On a side note, many creationists seem to think that scientists view theories the way conservative christians view the bible. They believe in biblical inerrancy, so if any error can be found in the bible, it means that the bible isn't inerrant, and so can't have been written by god, and they basically have to throw out the whole thing. They force themselves to choose between either ignoring any contradictory new information gained since the bible was written, or accepting that the bible isn't inerrant. This essentially freezes scientific knowledge at two thousand years ago.

So they jump on tiny little things related to evolution (for instance): Ha! They said that Neanderthals were a primitive ancestor of man. Now they say they weren't, it was a separate branch. That means they got it wrong, so that means the theory of evolution is wrong, so that means god created everything.

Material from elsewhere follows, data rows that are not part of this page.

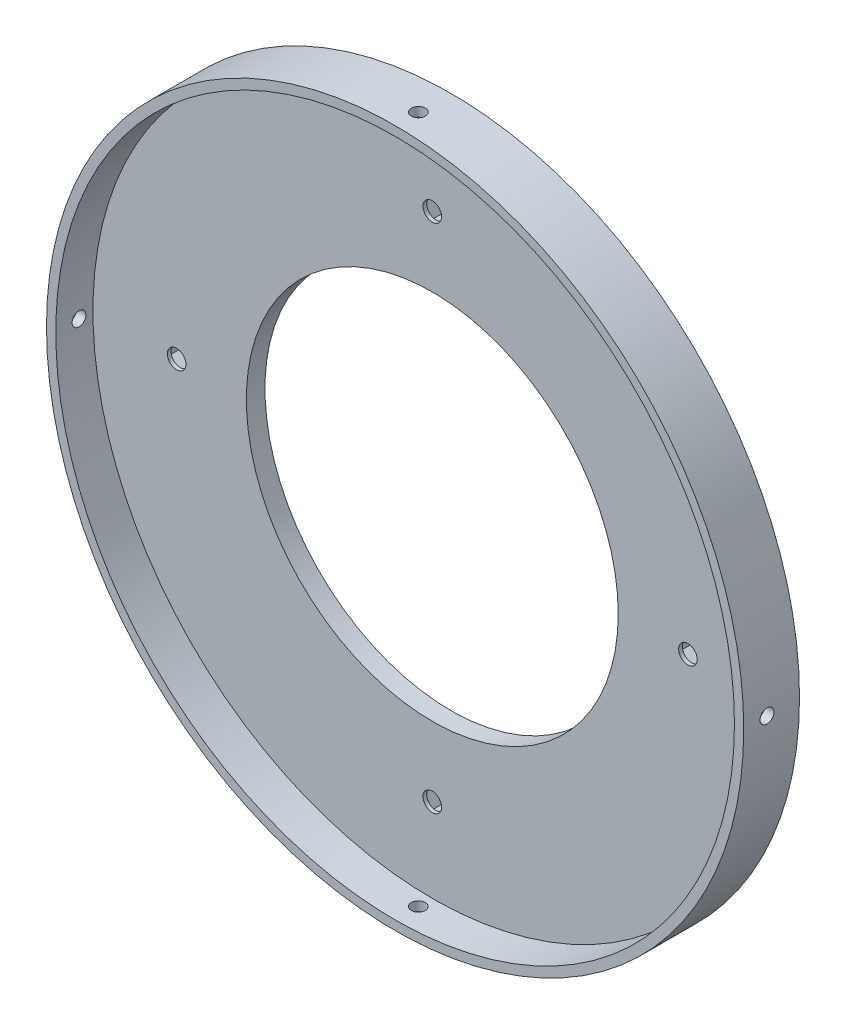
SolidWorks part; units mm, degrees
material "PET"
ref_plane "Front Plane" through (0, 0, 0) normal (0, 0, 1) x (1, 0, 0)
ref_plane "Top Plane" through (0, 0, 0) normal (0, 1, 0) x (1, 0, 0)
ref_plane "Right Plane" through (0, 0, 0) normal (1, 0, 0) x (0, 0, -1)
sketch "Sketch1" plane through (0, 0, 0) normal (0, 0, 1) x (1, 0, 0)
  circle A0 centre (0, 0) radius 75
  circle A1 centre (0, 0) radius 40
  dimension "D1" = 150
  dimension "D2" = 35
extrude "Boss-Extrude1" add sketch "Sketch1" along normal blind 4
sketch "Sketch2" plane through (0, 0, 4) normal (0, 0, 1) x (1, 0, 0)
  circle A0 centre (0, 0) radius 73
  circle A1 centre (0, 0) radius 75
  circle A2 centre (0, 0) radius 75
  dimension "D1" = 0
  dimension "D2" = 2
extrude "Boss-Extrude2" add sketch "Sketch2" along normal blind 8
sketch "Sketch3" plane through (0, 0, 0) normal (0, 1, 0) x (1, 0, 0)
  line L0 (-75, -12) -> (75, -12) construction
  circle A0 centre (0, -7) radius 1.5
  dimension "D2" = 3
  dimension "D1" = 5
extrude "Cut-Extrude1" cut sketch "Sketch3" against normal up to surface (75 mm away)
pattern_circular "CirPattern1" count 4 over 360 about axis through (0, 0, 4) along (0, 0, -1) of "Cut-Extrude1"
sketch "Sketch9" plane through (0, 0, 0) normal (0, 0, -1) x (-1, 0, 0)
  point P0 (0, 55)
  point P4 (55, 0)
  point P6 (0, -55)
  point P8 (-55, 0)
  dimension "D1" = 55
  dimension "D2" = 0
  dimension "D3" = 55
  dimension "D4" = 55
  dimension "D5" = 55
hole_wizard "Ø4.0mm Dowel Hole1" positions "Sketch9" profile "Sketch10" hole size "Ø4.0" standard "ISO" end condition through all
sketch "Sketch10" plane through (0, 55, 0) normal (1, 0, 0) x (0, 1, 0)
  line L0 (0, 0) -> (0, 12)
  line L1 (0, 12) -> (2, 12)
  line L2 (2, 12) -> (2, 0)
  line L5 (2, 0) -> (0, 0)
  line L11 (0, -6.35) -> (0, 107.95) construction
  dimension "Thru Hole Dia." = 4
  dimension "Thru Hole Depth" = 12
sketch "Sketch13" plane through (0, 0, 0) normal (0, 0, -1) x (-1, 0, 0)
  line L0 (0, 0) -> (55, 0) construction
  line L1 (4.0415, 55) -> (2.0207, 58.5)
  line L2 (2.0207, 58.5) -> (-2.0207, 58.5)
  line L3 (-2.0207, 58.5) -> (-4.0415, 55)
  line L4 (-4.0415, 55) -> (-2.0207, 51.5)
  line L5 (-2.0207, 51.5) -> (2.0207, 51.5)
  line L6 (2.0207, 51.5) -> (4.0415, 55)
  line L7 (55, -4.0415) -> (58.5, -2.0207)
  line L8 (58.5, -2.0207) -> (58.5, 2.0207)
  line L9 (58.5, 2.0207) -> (55, 4.0415)
  line L10 (55, 4.0415) -> (51.5, 2.0207)
  line L11 (51.5, 2.0207) -> (51.5, -2.0207)
  line L12 (51.5, -2.0207) -> (55, -4.0415)
  line L13 (-4.0415, -55) -> (-2.0207, -58.5)
  line L14 (-2.0207, -58.5) -> (2.0207, -58.5)
  line L15 (2.0207, -58.5) -> (4.0415, -55)
  line L16 (4.0415, -55) -> (2.0207, -51.5)
  line L17 (2.0207, -51.5) -> (-2.0207, -51.5)
  line L18 (-2.0207, -51.5) -> (-4.0415, -55)
  line L19 (-55, 4.0415) -> (-58.5, 2.0207)
  line L20 (-58.5, 2.0207) -> (-58.5, -2.0207)
  line L21 (-58.5, -2.0207) -> (-55, -4.0415)
  line L22 (-55, -4.0415) -> (-51.5, -2.0207)
  line L23 (-51.5, -2.0207) -> (-51.5, 2.0207)
  line L24 (-51.5, 2.0207) -> (-55, 4.0415)
  circle A0 centre (0, 55) radius 3.5 construction
  circle A1 centre (55, 0) radius 3.5 construction
  circle A2 centre (0, -55) radius 3.5 construction
  circle A3 centre (-55, 0) radius 3.5 construction
  point P40 (0, 0)
  dimension "D1" = 7
extrude "Cut-Extrude2" cut sketch "Sketch13" against normal blind 3.2

Sorry folks, but science just doesn't work like that. Science is more flexible that conservative christianity. Scientists just update their knowledge to incorporate the new information. This could just mean acknowledging that a conclusion was wrong and changing it based on the new info, or can in some cases mean realising that a theory is wrong, and either improving it or replacing it. The world would be a lot better place if all religions were open to a similar evolution.